= Your instructions =
Scan the data below and pick out the lines containing the word "charging".
>>>>>
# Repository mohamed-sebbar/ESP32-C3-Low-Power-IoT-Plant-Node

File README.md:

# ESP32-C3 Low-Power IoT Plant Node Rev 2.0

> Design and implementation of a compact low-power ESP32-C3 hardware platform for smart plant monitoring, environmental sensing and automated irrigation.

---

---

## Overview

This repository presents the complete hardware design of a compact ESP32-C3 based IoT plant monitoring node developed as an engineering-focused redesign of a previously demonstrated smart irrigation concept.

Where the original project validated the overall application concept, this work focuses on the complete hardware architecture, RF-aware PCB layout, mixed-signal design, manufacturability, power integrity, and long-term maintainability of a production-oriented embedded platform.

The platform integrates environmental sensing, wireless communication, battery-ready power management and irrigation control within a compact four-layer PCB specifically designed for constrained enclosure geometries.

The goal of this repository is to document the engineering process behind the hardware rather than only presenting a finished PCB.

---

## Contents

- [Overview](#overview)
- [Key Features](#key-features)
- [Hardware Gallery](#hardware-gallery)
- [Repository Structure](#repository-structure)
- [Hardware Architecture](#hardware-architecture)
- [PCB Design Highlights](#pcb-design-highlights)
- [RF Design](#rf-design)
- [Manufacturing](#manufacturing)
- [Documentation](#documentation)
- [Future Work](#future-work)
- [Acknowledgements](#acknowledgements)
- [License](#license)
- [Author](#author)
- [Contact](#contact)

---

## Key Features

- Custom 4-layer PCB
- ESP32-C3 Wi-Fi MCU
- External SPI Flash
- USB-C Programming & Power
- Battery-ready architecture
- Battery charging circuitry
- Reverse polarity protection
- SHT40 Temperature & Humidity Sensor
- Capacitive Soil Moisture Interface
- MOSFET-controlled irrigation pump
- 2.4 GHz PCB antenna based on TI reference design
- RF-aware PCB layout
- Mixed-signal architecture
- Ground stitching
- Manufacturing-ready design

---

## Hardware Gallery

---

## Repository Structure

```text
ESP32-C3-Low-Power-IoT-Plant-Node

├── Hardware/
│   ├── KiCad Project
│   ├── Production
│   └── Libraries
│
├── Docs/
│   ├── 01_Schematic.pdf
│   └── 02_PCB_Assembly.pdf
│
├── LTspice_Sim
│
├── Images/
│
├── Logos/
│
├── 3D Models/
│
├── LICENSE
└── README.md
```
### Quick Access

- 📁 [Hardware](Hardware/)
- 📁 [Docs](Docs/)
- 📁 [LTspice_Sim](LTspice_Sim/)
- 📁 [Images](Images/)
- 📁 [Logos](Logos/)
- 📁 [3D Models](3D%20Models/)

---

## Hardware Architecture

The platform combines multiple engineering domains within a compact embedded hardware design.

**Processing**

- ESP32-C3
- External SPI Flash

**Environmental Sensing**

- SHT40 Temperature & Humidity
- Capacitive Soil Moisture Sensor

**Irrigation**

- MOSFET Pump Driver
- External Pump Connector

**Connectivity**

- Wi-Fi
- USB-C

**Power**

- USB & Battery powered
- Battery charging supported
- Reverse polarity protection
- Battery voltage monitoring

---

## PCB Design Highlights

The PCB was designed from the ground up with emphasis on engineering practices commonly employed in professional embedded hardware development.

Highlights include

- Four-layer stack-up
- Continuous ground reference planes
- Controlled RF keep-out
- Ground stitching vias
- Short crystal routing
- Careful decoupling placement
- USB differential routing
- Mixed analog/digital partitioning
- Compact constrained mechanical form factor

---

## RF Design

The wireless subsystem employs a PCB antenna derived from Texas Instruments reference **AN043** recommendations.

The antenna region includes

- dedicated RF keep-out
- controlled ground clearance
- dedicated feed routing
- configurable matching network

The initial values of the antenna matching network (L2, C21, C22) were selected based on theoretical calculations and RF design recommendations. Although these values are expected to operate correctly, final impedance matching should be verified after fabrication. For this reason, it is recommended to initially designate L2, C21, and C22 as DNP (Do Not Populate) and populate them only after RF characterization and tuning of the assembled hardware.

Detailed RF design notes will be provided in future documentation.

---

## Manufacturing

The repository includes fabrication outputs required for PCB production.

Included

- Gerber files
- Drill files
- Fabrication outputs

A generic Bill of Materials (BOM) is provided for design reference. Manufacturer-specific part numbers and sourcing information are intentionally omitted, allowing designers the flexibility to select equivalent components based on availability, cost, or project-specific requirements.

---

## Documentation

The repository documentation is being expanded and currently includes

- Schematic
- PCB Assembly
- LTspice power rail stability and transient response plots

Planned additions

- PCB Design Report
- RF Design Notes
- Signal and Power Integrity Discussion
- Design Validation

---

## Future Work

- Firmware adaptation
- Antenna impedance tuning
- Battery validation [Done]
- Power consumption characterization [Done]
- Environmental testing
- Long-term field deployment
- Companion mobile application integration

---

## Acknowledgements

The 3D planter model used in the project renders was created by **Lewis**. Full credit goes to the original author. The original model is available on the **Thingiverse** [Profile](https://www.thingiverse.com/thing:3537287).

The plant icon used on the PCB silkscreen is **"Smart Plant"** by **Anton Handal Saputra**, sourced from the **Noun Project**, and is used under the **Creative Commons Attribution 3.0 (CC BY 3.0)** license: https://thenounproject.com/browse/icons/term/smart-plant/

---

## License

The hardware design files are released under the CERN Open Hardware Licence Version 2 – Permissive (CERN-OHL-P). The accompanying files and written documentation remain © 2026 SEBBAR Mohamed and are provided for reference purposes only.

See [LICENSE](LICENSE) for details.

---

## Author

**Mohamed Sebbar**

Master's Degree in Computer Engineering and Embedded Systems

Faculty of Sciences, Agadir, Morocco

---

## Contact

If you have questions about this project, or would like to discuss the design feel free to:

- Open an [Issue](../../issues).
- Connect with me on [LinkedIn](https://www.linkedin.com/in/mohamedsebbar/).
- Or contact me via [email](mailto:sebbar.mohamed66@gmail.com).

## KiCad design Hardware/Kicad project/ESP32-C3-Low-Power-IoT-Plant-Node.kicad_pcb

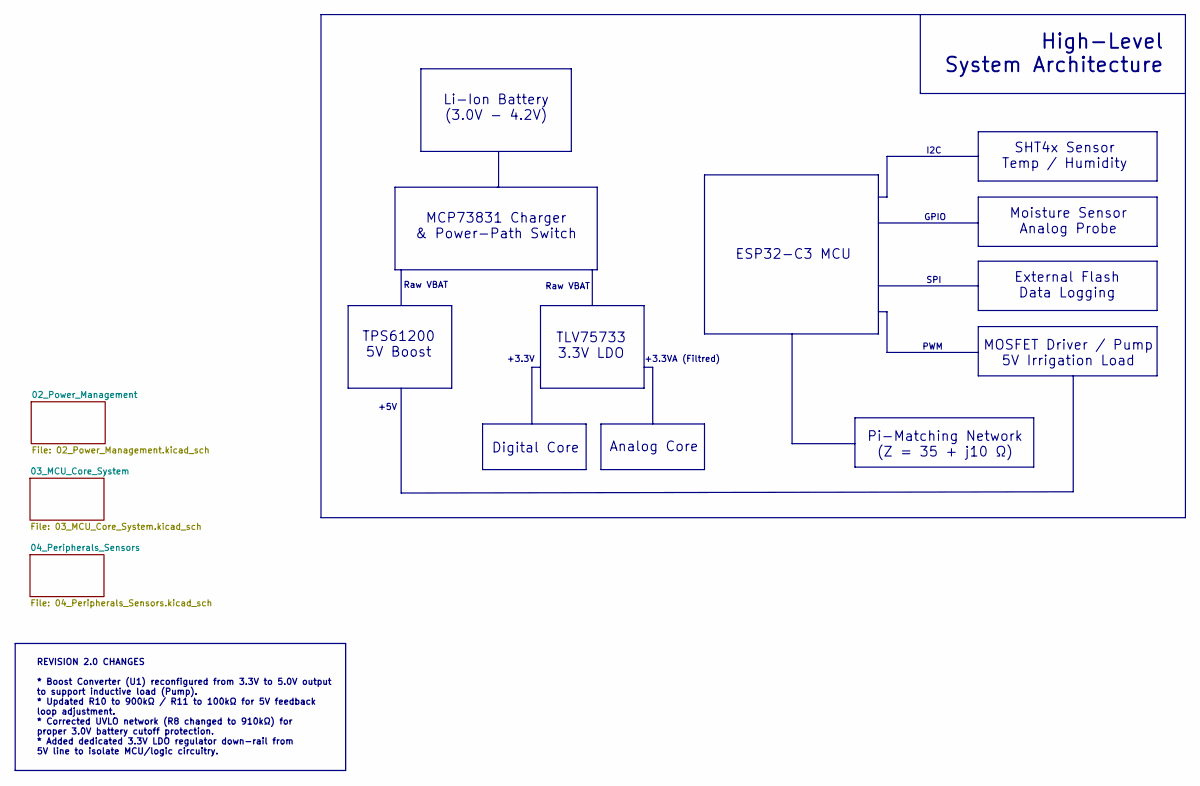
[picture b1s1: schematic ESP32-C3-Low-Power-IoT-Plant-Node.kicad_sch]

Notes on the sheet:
Moisture Sensor Analog Probe
Analog Core
ESP32-C3 MCU
Raw VBAT
+3.3VA (Filtred)
I2C
+5V
GPIO
Pi-Matching Network (Z = 35 + j10 Ω)
High-Level System Architecture
TLV75733 3.3V LDO
SPI
Digital Core
TPS61200 5V Boost
MOSFET Driver / Pump 5V Irrigation Load
REVISION 2.0 CHANGES * Boost Converter (U1) reconfigured from 3.3V to 5.0V output to support inductive load (Pump). * Updated R10 to 900kΩ / R11 to 100kΩ for 5V feedback loop adjustment. * Corrected UVLO network (R8 changed to 910kΩ) for proper 3.0V battery cutoff protection. * Added dedicated 3.3V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
SHT4x Sensor Temp / Humidity
PWM
MCP73831 Charger & Power-Path Switch
+3.3V
Li-Ion Battery (3.0V - 4.2V)
External Flash Data Logging

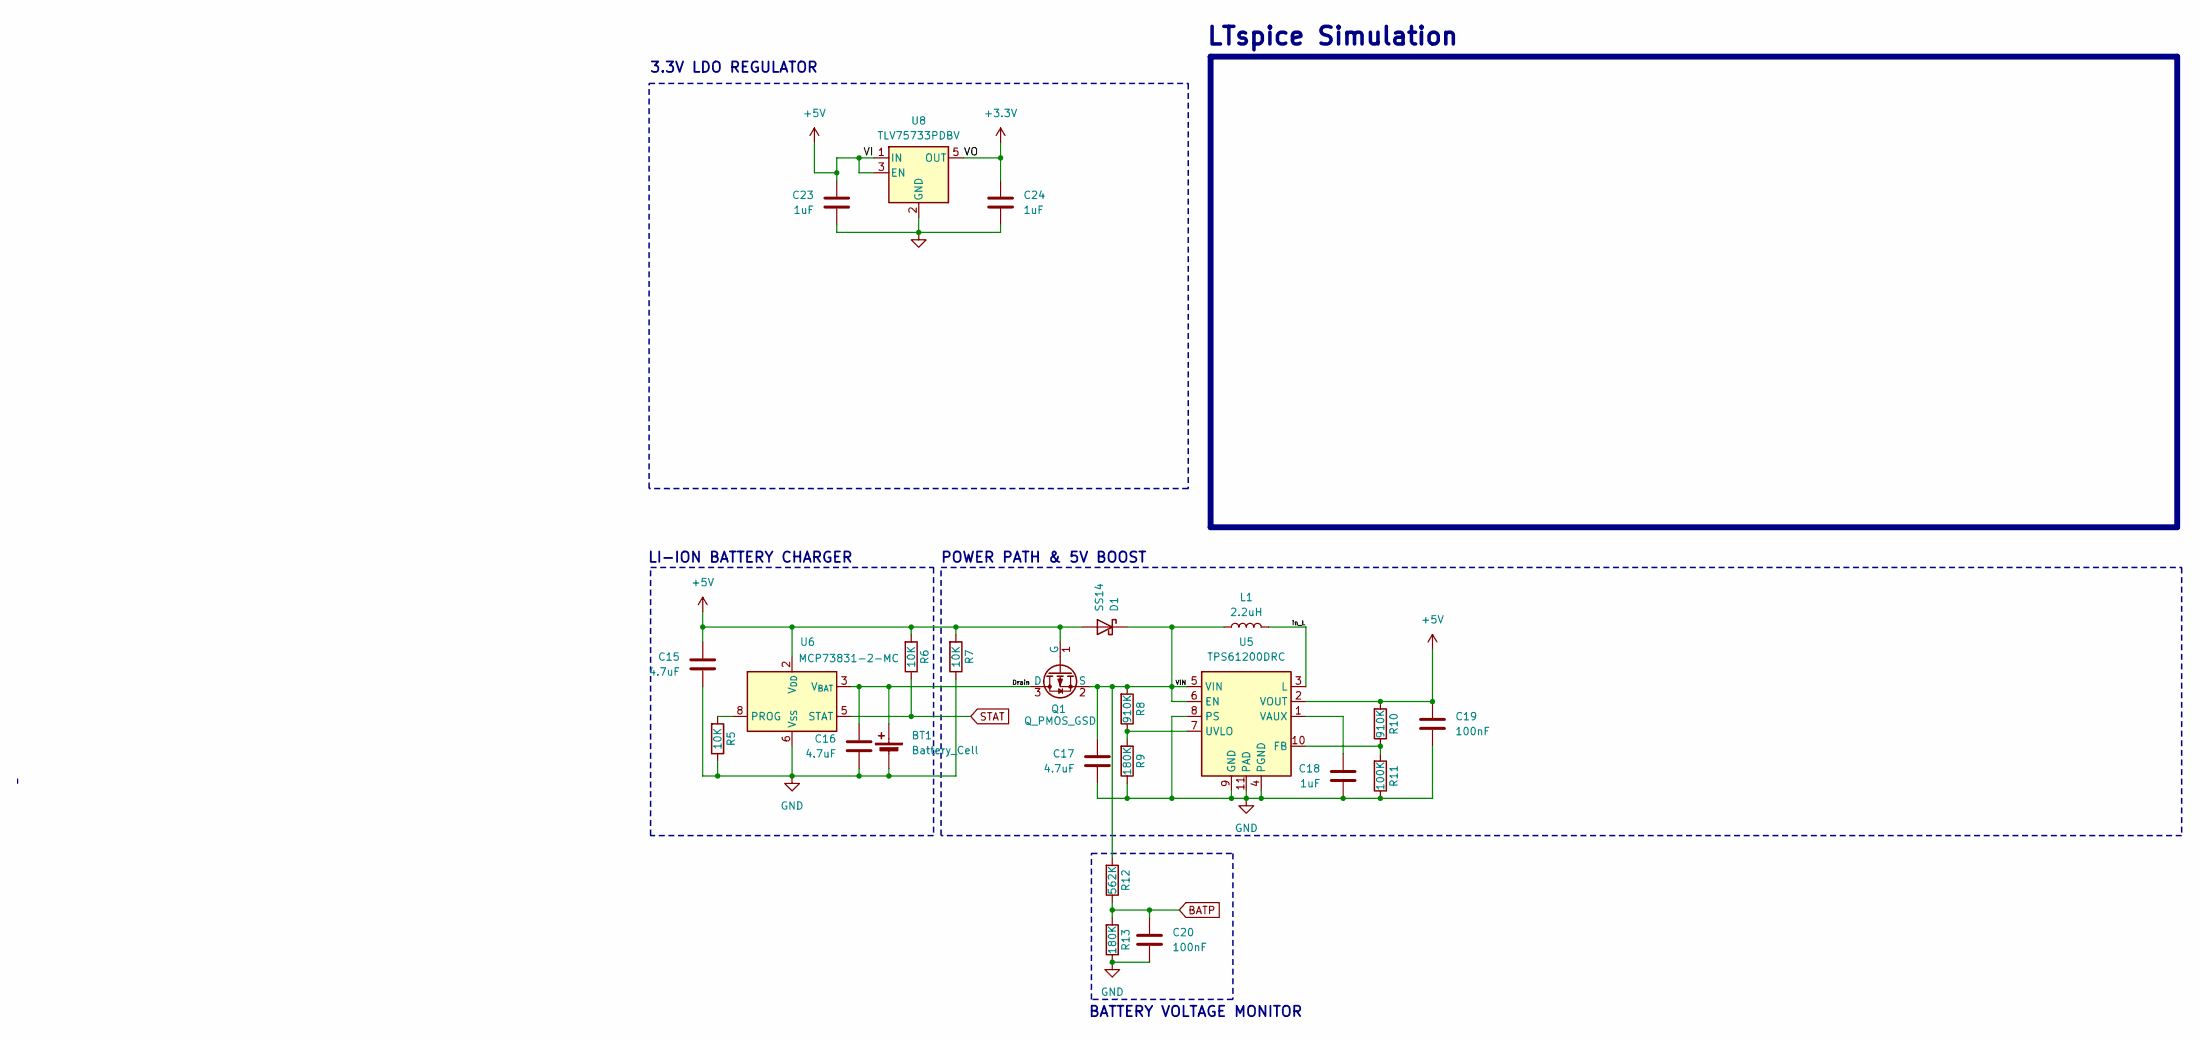
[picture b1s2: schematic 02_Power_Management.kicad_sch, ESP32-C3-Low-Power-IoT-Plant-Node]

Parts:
BT1: Battery_Cell; JST_PH_S2B-PH-K_1x02_P2.00mm_Horizontal
C15, C16, C17: 4.7uF; C_0402_1005Metric
C18, C23, C24: 1uF; C_0402_1005Metric
C19, C20: 100nF; C_0402_1005Metric
D1: SS14; D_SMA
L1: 2.2uH; R_0402_1005Metric
Q1: Q_PMOS_GSD; SOT-23
R5, R6, R7: 10K; R_0402_1005Metric
R8, R10: 910K; R_0402_1005Metric
R9, R13: 180K; R_0402_1005Metric
R11: 100K; R_0402_1005Metric
R12: 562K; R_0402_1005Metric
U5: TPS61200DRC; Texas_S-PVSON-N10_ThermalVias
U6: MCP73831-2-MC; DFN-8-1EP_3x2mm_P0.5mm_EP1.75x1.45mm
U8: TLV75733PDBV; SOT-23-5

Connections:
+3.3V: C24.1, U8.5 (OUT); also elsewhere on the board
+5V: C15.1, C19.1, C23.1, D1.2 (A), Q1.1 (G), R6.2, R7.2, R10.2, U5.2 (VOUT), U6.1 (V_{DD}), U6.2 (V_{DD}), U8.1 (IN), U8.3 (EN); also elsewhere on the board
<<<<<
= Answer section =
- Battery charging circuitry
- Battery charging supported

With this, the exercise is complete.